___ Data supplied ___

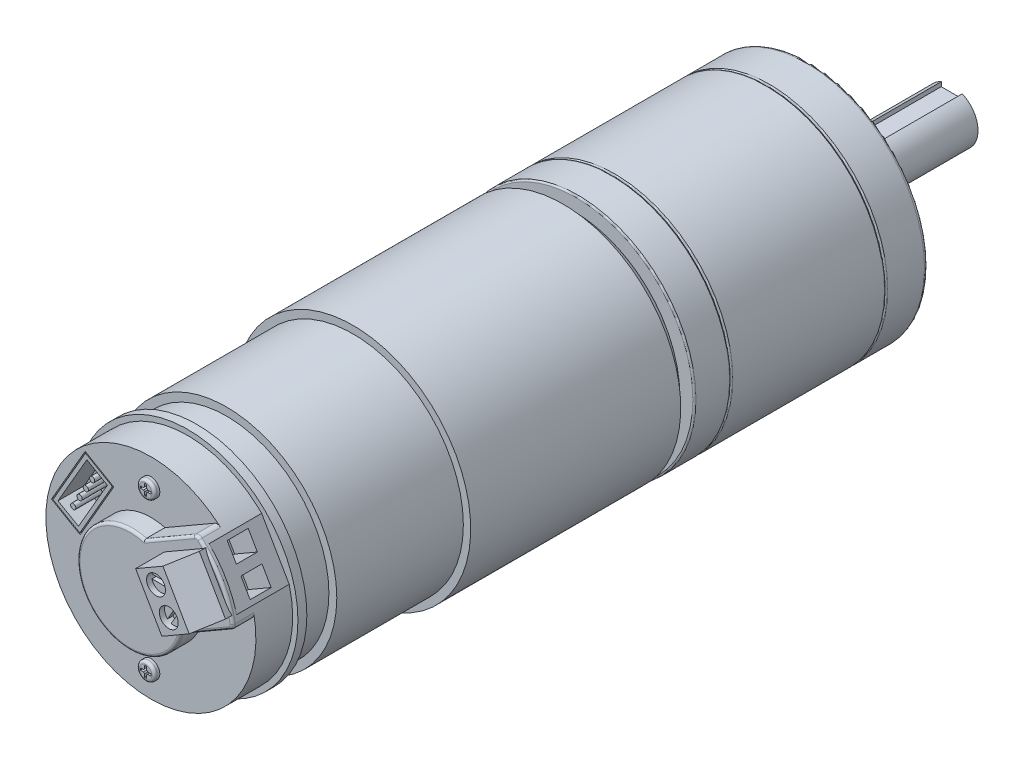
SolidWorks part; units mm, degrees
ref_plane "Front Plane" through (0, 0, 0) normal (0, 0, 1) x (1, 0, 0)
ref_plane "Top Plane" through (0, 0, 0) normal (0, 1, 0) x (1, 0, 0)
ref_plane "Right Plane" through (0, 0, 0) normal (1, 0, 0) x (0, 0, -1)
sketch "Sketch1" plane through (0, 0, 0) normal (0, 0, 1) x (1, 0, 0)
  circle A0 centre (-32.232, 14.9868) radius 22.5
extrude "Boss-Extrude1" add sketch "Sketch1" along normal blind 8
fillet "Fillet1" radius 0.3 1 edges at (-9.732, 14.9868, 8)
sketch "Sketch2" plane through (0, 0, 8) normal (0, 0, 1) x (1, 0, 0)
  circle A0 centre (-32.232, 14.9868) radius 22.5
extrude "Boss-Extrude2" add sketch "Sketch2" along normal blind 29.5
fillet "Fillet3" radius 0.3 1 edges at (-9.732, 14.9868, 37.5)
sketch "Sketch3" plane through (0, 0, 37.5) normal (0, 0, 1) x (1, 0, 0)
  circle A0 centre (-32.232, 14.9868) radius 22.5
extrude "Boss-Extrude5" add sketch "Sketch3" along normal blind 7
fillet "Fillet4" radius 0.3 3 edges at (-9.732, 14.9868, 8) (-9.732, 14.9868, 37.5) (-9.732, 14.9868, 44.5)
sketch "Sketch4" plane through (0, 0, 44.5) normal (0, 0, 1) x (1, 0, 0)
  circle A0 centre (-32.232, 14.9868) radius 5
extrude "Boss-Extrude7" add sketch "Sketch4" along normal blind 0.1
sketch "Sketch5" plane through (0, 0, 44.6) normal (0, 0, 1) x (1, 0, 0)
  circle A0 centre (-32.232, 14.9868) radius 21
extrude "Boss-Extrude8" add sketch "Sketch5" along normal blind 66.5
fillet "Fillet6" radius 2 1 edges at (-11.232, 14.9868, 44.6)
ref_plane "Plane1" through (0, 0, 47) normal (0, 0, 1) x (1, 0, 0)
sketch "Sketch6" plane through (0, 0, 47) normal (0, 0, 1) x (1, 0, 0)
  line L2 (-28.132, -5.609) -> (-28.132, -7.0347)
  line L4 (-36.332, -5.609) -> (-36.332, -7.0347)
  arc A0 (-28.132, -7.0347) -> (-36.332, -7.0347) centre (-32.232, 14.9868) ccw
  arc A1 (-28.132, -5.609) -> (-36.332, -5.609) centre (-32.232, 14.9868) ccw
  point P4 (-32.232, -6.0132)
extrude "Boss-Extrude9" add sketch "Sketch6" along normal blind 40
sketch "Sketch7" plane through (0, 0, 111.1) normal (0, 0, 1) x (1, 0, 0)
  circle A0 centre (-32.232, 14.9868) radius 19.5
extrude "Boss-Extrude10" add sketch "Sketch7" along normal blind 5.7
sketch "Sketch8" plane through (0, 0, 116.8) normal (0, 0, 1) x (1, 0, 0)
  circle A0 centre (-32.232, 14.9868) radius 21
extrude "Boss-Extrude11" add sketch "Sketch8" along normal blind 1.7
sketch "Sketch9" plane through (0, 0, 118.5) normal (0, 0, 1) x (1, 0, 0)
  circle A0 centre (-32.232, 14.9868) radius 20
extrude "Boss-Extrude12" add sketch "Sketch9" along normal blind 7
fillet "Fillet7" radius 0.7 1 edges at (-9.732, 14.9868, 0)
sketch "Sketch21" plane through (0, 0, 125.5) normal (0, 0, 1) x (1, 0, 0)
  line L0 (-45.6944, 15.3693) -> (-51.1503, 18.5193)
  line L2 (-39.2944, 26.4544) -> (-44.7503, 29.6044)
  line L3 (-44.7503, 29.6044) -> (-51.1503, 18.5193)
  line L4 (-39.2944, 26.4544) -> (-45.6944, 15.3693)
  point P6 (-42.4944, 20.9118)
extrude "Cut-Extrude5" cut sketch "Sketch21" against normal blind 5
sketch "Sketch22" plane through (0, 0, 120.5) normal (0, 0, 1) x (1, 0, 0)
  line L0 (-44.4209, 28.375) -> (-49.9209, 18.8487)
  line L1 (-49.9209, 18.8487) -> (-46.0238, 16.5987)
  line L2 (-46.0238, 16.5987) -> (-40.5238, 26.125)
  line L3 (-40.5238, 26.125) -> (-44.4209, 28.375)
  line L4 (-39.5676, 26.3812) -> (-44.6771, 29.3312)
  line L5 (-44.6771, 29.3312) -> (-50.8771, 18.5925)
  line L6 (-50.8771, 18.5925) -> (-45.7676, 15.6425)
  line L7 (-45.7676, 15.6425) -> (-39.5676, 26.3812)
  circle A0 centre (-45.8223, 21.4476) radius 0.5
  circle A1 centre (-47.0223, 19.3691) radius 0.5
  circle A2 centre (-43.4223, 25.6045) radius 0.5
  circle A3 centre (-44.6223, 23.5261) radius 0.5
extrude "Boss-Extrude20" add sketch "Sketch22" along normal blind 5 contours L6 L7 L4 L5 L3 L2 L1 L0 | A2 | A3 | A0 | A1 region at (-42.8213, 21.1006, 120.5) region at (-45.8223, 21.4476, 120.5) region at (-47.0223, 19.3691, 120.5) region at (-43.4223, 25.6045, 120.5) region at (-44.6223, 23.5261, 120.5)
sketch "Sketch23" plane through (0, 0, 125.5) normal (0, 0, 1) x (1, 0, 0)
  line L1 (-29.5473, 24.6197) -> (-20.1195, 30.0629)
  line L2 (-22.5473, 12.4954) -> (-13.1195, 17.9385)
  arc A0 (-29.5473, 24.6197) -> (-22.5473, 12.4954) centre (-32.232, 14.9868) ccw
  arc A1 (-13.1195, 17.9385) -> (-12.6399, 19.0055) centre (-13.6195, 18.8046) ccw
  arc A2 (-20.1195, 30.0629) -> (-18.9557, 29.9448) centre (-19.6195, 29.1969) cw
  arc A4 (-12.6399, 19.0055) -> (-18.9557, 29.9448) centre (-32.232, 14.9868) ccw
  point P10 (-42.4944, 20.9118)
  point P11 (-24.8334, 27.3413)
  dimension "D1" = 1
extrude "Boss-Extrude21" add sketch "Sketch23" along normal blind 4
sketch "Sketch24" plane through (0, 0, 129.5) normal (0, 0, 1) x (1, 0, 0)
  line L1 (-13.0177, 20.3067) -> (-20.6387, 15.9067)
  line L2 (-18.0177, 28.967) -> (-25.6387, 24.567)
  line L3 (-25.6387, 24.567) -> (-20.6387, 15.9067)
  line L4 (-18.0177, 28.967) -> (-13.0177, 20.3067)
  point P6 (-15.5177, 24.6368)
  point P7 (-23.1387, 20.2368)
extrude "Boss-Extrude22" add sketch "Sketch24" along normal blind 5.5
sketch "Sketch25" plane through (-12.0475, 20.8669, 0) normal (0.5, -0.866, 0) x (0.866, 0.5, 0)
  line L0 (-1.1203, 130.5) -> (-3.9203, 135)
  line L1 (-3.9203, 135) -> (-1.1203, 135)
  line L2 (-1.1203, 135) -> (-1.1203, 130.5)
extrude "Cut-Extrude6" cut sketch "Sketch25" against normal through all
sketch "Sketch26" plane through (0, 0, 125.5) normal (0, 0, 1) x (1, 0, 0)
  line L0 (-31.832, 29.7868) -> (-31.232, 29.7868)
  line L1 (-33.232, 29.7868) -> (-33.232, 30.1868)
  line L2 (-31.832, 30.1868) -> (-31.232, 30.1868)
  line L3 (-32.032, 30.3868) -> (-32.032, 30.9868)
  line L4 (-32.432, 30.3868) -> (-32.432, 30.9868)
  line L5 (-32.632, 30.1868) -> (-33.232, 30.1868)
  line L6 (-32.432, 30.9868) -> (-32.032, 30.9868)
  line L7 (-32.032, 29.5868) -> (-32.032, 28.9868)
  line L8 (-32.432, 29.5868) -> (-32.432, 28.9868)
  line L9 (-32.632, 29.7868) -> (-33.232, 29.7868)
  line L10 (-31.232, 30.1868) -> (-31.232, 29.7868)
  line L11 (-32.432, 28.9868) -> (-32.032, 28.9868)
  line L12 (-32.632, 29.7868) -> (-32.432, 29.5868)
  line L13 (-32.432, 30.3868) -> (-32.632, 30.1868)
  line L14 (-32.032, 30.3868) -> (-31.832, 30.1868)
  line L15 (-31.832, 29.7868) -> (-32.032, 29.5868)
  line L17 (-31.832, 0.1868) -> (-32.032, 0.3868)
  line L18 (-32.032, -0.4132) -> (-31.832, -0.2132)
  line L19 (-32.432, -0.4132) -> (-32.632, -0.2132)
  line L20 (-32.632, 0.1868) -> (-32.432, 0.3868)
  line L21 (-32.432, 0.9868) -> (-32.032, 0.9868)
  line L22 (-31.232, -0.2132) -> (-31.232, 0.1868)
  line L23 (-32.632, 0.1868) -> (-33.232, 0.1868)
  line L24 (-32.432, 0.3868) -> (-32.432, 0.9868)
  line L25 (-32.032, 0.3868) -> (-32.032, 0.9868)
  line L26 (-32.432, -1.0132) -> (-32.032, -1.0132)
  line L27 (-32.632, -0.2132) -> (-33.232, -0.2132)
  line L28 (-32.432, -0.4132) -> (-32.432, -1.0132)
  line L29 (-32.032, -0.4132) -> (-32.032, -1.0132)
  line L30 (-31.832, -0.2132) -> (-31.232, -0.2132)
  line L31 (-33.232, 0.1868) -> (-33.232, -0.2132)
  line L32 (-31.832, 0.1868) -> (-31.232, 0.1868)
  circle A0 centre (-32.232, 29.9868) radius 1.7
  circle A1 centre (-32.232, -0.0132) radius 1.7
  point P2 (-32.432, 29.7868)
  point P4 (-32.032, 30.1868)
  point P10 (-32.432, 30.1868)
  point P12 (-32.032, 29.7868)
  point P42 (-32.032, 0.1868)
  point P43 (-32.432, -0.2132)
  point P44 (-32.032, -0.2132)
  point P45 (-32.432, 0.1868)
  dimension "D1" = 0.2
  dimension "D2" = 0.2
  dimension "D3" = 0.2
  dimension "D4" = 0.2
  dimension "D5" = 0.2
  dimension "D6" = 0.2
  dimension "D7" = 0.2
  dimension "D8" = 0.2
extrude "Boss-Extrude23" add sketch "Sketch26" along normal blind 1
fillet "Fillet9" radius 0.5 2 edges at (-33.932, -0.0132, 126.5) (-30.532, 29.9868, 126.5)
sketch "Sketch27" plane through (0, 0, 135) normal (0, 0, 1) x (1, 0, 0)
  circle A0 centre (-21.7546, 23.8395) radius 1.8
  circle A1 centre (-19.3267, 19.6342) radius 1.8
extrude "Cut-Extrude7" cut sketch "Sketch27" against normal blind 1
sketch "Sketch29" plane through (0, 0, 134) normal (0, 0, 1) x (1, 0, 0)
  line L1 (-23.5096, 23.4395) -> (-19.9996, 23.4395)
  line L3 (-23.5096, 24.2395) -> (-19.9996, 24.2395)
  line L7 (-19.8577, 17.9143) -> (-18.1028, 20.9541)
  line L8 (-20.5506, 18.3143) -> (-18.7956, 21.3541)
  arc A0 (-23.5096, 24.2395) -> (-23.5096, 23.4395) centre (-21.7546, 23.8395) ccw
  arc A1 (-19.9996, 23.4395) -> (-19.9996, 24.2395) centre (-21.7546, 23.8395) ccw
  arc A2 (-18.6805, 21.3142) -> (-18.1028, 20.9541) centre (-19.3267, 19.6342) cw
  arc A3 (-19.8577, 17.9143) -> (-20.5506, 18.3143) centre (-19.3267, 19.6342) cw
  arc A4 (-18.7956, 21.3541) -> (-18.1028, 20.9541) centre (-19.3267, 19.6342) cw
  circle M1 centre (-21.7546, 23.8395) radius 1.8
extrude "Cut-Extrude8" cut sketch "Sketch29" against normal blind 1 contours L3 L1 M1 | A4 L8 A3 L7 A2 region at (-21.7546, 23.8395, 134) region at (-19.3267, 19.6342, 134)
sketch "Sketch30" plane through (-0.9702, -0.5601, 0) normal (0.866, 0.5, 0) x (0, 0, -1)
  line L5 (-118.5, 23.595) -> (-128.5, 23.595)
  line L6 (-118.5, 23.595) -> (-118.5, 34.595)
  line L7 (-118.5, 34.595) -> (-128.5, 34.595)
  line L8 (-128.5, 23.595) -> (-128.5, 34.595)
  point P4 (-123.5, 29.095)
extrude "Cut-Extrude9" cut sketch "Sketch30" along normal blind 1
sketch "Sketch31" plane through (-0.9702, -0.5601, 0) normal (0.866, 0.5, 0) x (0, 0, -1)
  line L6 (-125.5, 28.2225) -> (-121.5, 28.2225)
  line L7 (-125.5, 29.9675) -> (-121.5, 29.9675)
  line L8 (-125.5, 29.9675) -> (-125.5, 33.4675)
  line L9 (-125.5, 33.4675) -> (-121.5, 33.4675)
  line L10 (-121.5, 29.9675) -> (-121.5, 33.4675)
  line L13 (-121.5, 28.2225) -> (-121.5, 24.7225)
  line L14 (-125.5, 24.7225) -> (-121.5, 24.7225)
  line L15 (-125.5, 28.2225) -> (-125.5, 24.7225)
  point P9 (-123.5, 31.7175)
extrude "Cut-Extrude10" cut sketch "Sketch31" against normal blind 5
fillet "Fillet10" radius 0.5 6 edges at (-17.8334, 15.217, 129.5) (-12.7074, 18.3946, 129.5) (-14.9115, 24.9868, 129.5) (-19.5185, 30.1918, 129.5) (-24.8334, 27.3413, 129.5) (-40.8922, 9.9868, 129.5)
sketch "Sketch32" plane through (0, 0, 0) normal (0, 0, -1) x (-1, 0, 0)
  circle A0 centre (32.232, 14.9868) radius 13
extrude "Boss-Extrude24" add sketch "Sketch32" along normal blind 1.5
sketch "Sketch33" plane through (0, 0, 0) normal (0, 0, -1) x (-1, 0, 0)
  circle A1 centre (32.232, 32.7368) radius 3.85
  circle A2 centre (49.982, 14.9868) radius 3.85
  circle A3 centre (32.232, -2.7632) radius 3.85
  circle A4 centre (14.482, 14.9868) radius 3.85
  point P14 (32.232, 14.9868)
  dimension "D1" = 4
extrude "Cut-Extrude11" cut sketch "Sketch33" against normal blind 3
sketch "Sketch34" plane through (0, 0, 3) normal (0, 0, -1) x (-1, 0, 0)
  line L1 (32.232, 35.0462) -> (30.232, 33.8915)
  line L2 (30.232, 33.8915) -> (30.232, 31.5821)
  line L3 (30.232, 31.5821) -> (32.232, 30.4274)
  line L4 (32.232, 30.4274) -> (34.232, 31.5821)
  line L5 (34.232, 31.5821) -> (34.232, 33.8915)
  line L6 (34.232, 33.8915) -> (32.232, 35.0462)
  line L7 (52.2914, 14.9868) -> (51.1367, 16.9868)
  line L8 (51.1367, 12.9868) -> (52.2914, 14.9868)
  line L9 (48.8273, 12.9868) -> (51.1367, 12.9868)
  line L10 (47.6726, 14.9868) -> (48.8273, 12.9868)
  line L11 (48.8273, 16.9868) -> (47.6726, 14.9868)
  line L12 (51.1367, 16.9868) -> (48.8273, 16.9868)
  line L13 (32.232, -5.0726) -> (34.232, -3.9179)
  line L14 (30.232, -3.9179) -> (32.232, -5.0726)
  line L15 (30.232, -1.6085) -> (30.232, -3.9179)
  line L16 (32.232, -0.4538) -> (30.232, -1.6085)
  line L17 (34.232, -1.6085) -> (32.232, -0.4538)
  line L18 (34.232, -3.9179) -> (34.232, -1.6085)
  line L19 (12.1726, 14.9868) -> (13.3273, 12.9868)
  line L20 (13.3273, 16.9868) -> (12.1726, 14.9868)
  line L21 (15.6367, 16.9868) -> (13.3273, 16.9868)
  line L22 (16.7914, 14.9868) -> (15.6367, 16.9868)
  line L23 (15.6367, 12.9868) -> (16.7914, 14.9868)
  line L24 (13.3273, 12.9868) -> (15.6367, 12.9868)
  circle A0 centre (32.232, 32.7368) radius 3
  circle A1 centre (32.232, 32.7368) radius 2 construction
  circle A2 centre (49.982, 14.9868) radius 3
  circle A3 centre (32.232, -2.7632) radius 3
  circle A4 centre (14.482, 14.9868) radius 3
  point P40 (32.232, 14.9868)
  dimension "D1" = 4
extrude "Boss-Extrude25" add sketch "Sketch34" along normal blind 3
fillet "Fillet11" radius 0.5 24 edges at (-30.232, -2.7632, 3) (-31.232, -1.0311, 3) (-33.232, -1.0311, 3) (-34.232, -2.7632, 3) (-33.232, -4.4952, 3) (-31.232, -4.4952, 3) (-49.982, 12.9868, 3) (-48.2499, 13.9868, 3) (-48.2499, 15.9868, 3) (-49.982, 16.9868, 3) (-51.714, 15.9868, 3) (-51.714, 13.9868, 3) (-14.482, 16.9868, 3) (-16.214, 15.9868, 3) (-16.214, 13.9868, 3) (-14.482, 12.9868, 3) (-12.7499, 13.9868, 3) (-12.7499, 15.9868, 3) (-34.232, 32.7368, 3) (-33.232, 31.0048, 3) (-31.232, 31.0048, 3) (-30.232, 32.7368, 3) (-31.232, 34.4689, 3) (-33.232, 34.4689, 3)
sketch "Sketch35" plane through (0, 0, 0) normal (0, 0, -1) x (-1, 0, 0)
  circle A2 centre (44.7831, 27.538) radius 2
  circle A4 centre (44.7831, 2.4357) radius 2
  circle A6 centre (19.6808, 2.4357) radius 2
  circle A8 centre (19.6808, 27.538) radius 2
  point P22 (32.232, 14.9868)
  dimension "D1" = 17.75
  dimension "D2" = 4
extrude "Cut-Extrude12" cut sketch "Sketch35" against normal blind 5
sketch "Sketch36" plane through (0, 0, -1.5) normal (0, 0, -1) x (-1, 0, 0)
  circle A0 centre (32.232, 14.9868) radius 5
  dimension "D1" = 10
extrude "Boss-Extrude26" add sketch "Sketch36" along normal blind 25.5
sketch "Sketch37" plane through (0, 0, -27) normal (0, 0, -1) x (-1, 0, 0)
  line L1 (30.232, 21.2368) -> (34.232, 21.2368)
  line L2 (30.232, 21.2368) -> (30.232, 18.7368)
  line L3 (30.232, 18.7368) -> (34.232, 18.7368)
  line L4 (34.232, 21.2368) -> (34.232, 18.7368)
  line L5 (30.232, 21.2368) -> (34.232, 18.7368) construction
  line L6 (30.232, 18.7368) -> (34.232, 21.2368) construction
  circle A0 centre (32.232, 14.9868) radius 5 construction
  circle A1 centre (32.232, 14.9868) radius 5 construction
  point P0 (32.232, 19.9868)
  dimension "D1" = 4
  dimension "D2" = 2.5
extrude "Cut-Extrude13" cut sketch "Sketch37" against normal blind 20
fillet "Fillet12" radius 2 2 edges at (-30.232, 19.1531, -7) (-34.232, 19.1531, -7)

___

There is a run of lines above from the one with "line L0 (-44.4209, 28.375)" to the one with "arc A2 (-20.1195, 30.0629)"; print exactly that run, both ends included, and nothing else.

  line L0 (-44.4209, 28.375) -> (-49.9209, 18.8487)
  line L1 (-49.9209, 18.8487) -> (-46.0238, 16.5987)
  line L2 (-46.0238, 16.5987) -> (-40.5238, 26.125)
  line L3 (-40.5238, 26.125) -> (-44.4209, 28.375)
  line L4 (-39.5676, 26.3812) -> (-44.6771, 29.3312)
  line L5 (-44.6771, 29.3312) -> (-50.8771, 18.5925)
  line L6 (-50.8771, 18.5925) -> (-45.7676, 15.6425)
  line L7 (-45.7676, 15.6425) -> (-39.5676, 26.3812)
  circle A0 centre (-45.8223, 21.4476) radius 0.5
  circle A1 centre (-47.0223, 19.3691) radius 0.5
  circle A2 centre (-43.4223, 25.6045) radius 0.5
  circle A3 centre (-44.6223, 23.5261) radius 0.5
extrude "Boss-Extrude20" add sketch "Sketch22" along normal blind 5 contours L6 L7 L4 L5 L3 L2 L1 L0 | A2 | A3 | A0 | A1 region at (-42.8213, 21.1006, 120.5) region at (-45.8223, 21.4476, 120.5) region at (-47.0223, 19.3691, 120.5) region at (-43.4223, 25.6045, 120.5) region at (-44.6223, 23.5261, 120.5)
sketch "Sketch23" plane through (0, 0, 125.5) normal (0, 0, 1) x (1, 0, 0)
  line L1 (-29.5473, 24.6197) -> (-20.1195, 30.0629)
  line L2 (-22.5473, 12.4954) -> (-13.1195, 17.9385)
  arc A0 (-29.5473, 24.6197) -> (-22.5473, 12.4954) centre (-32.232, 14.9868) ccw
  arc A1 (-13.1195, 17.9385) -> (-12.6399, 19.0055) centre (-13.6195, 18.8046) ccw
  arc A2 (-20.1195, 30.0629) -> (-18.9557, 29.9448) centre (-19.6195, 29.1969) cw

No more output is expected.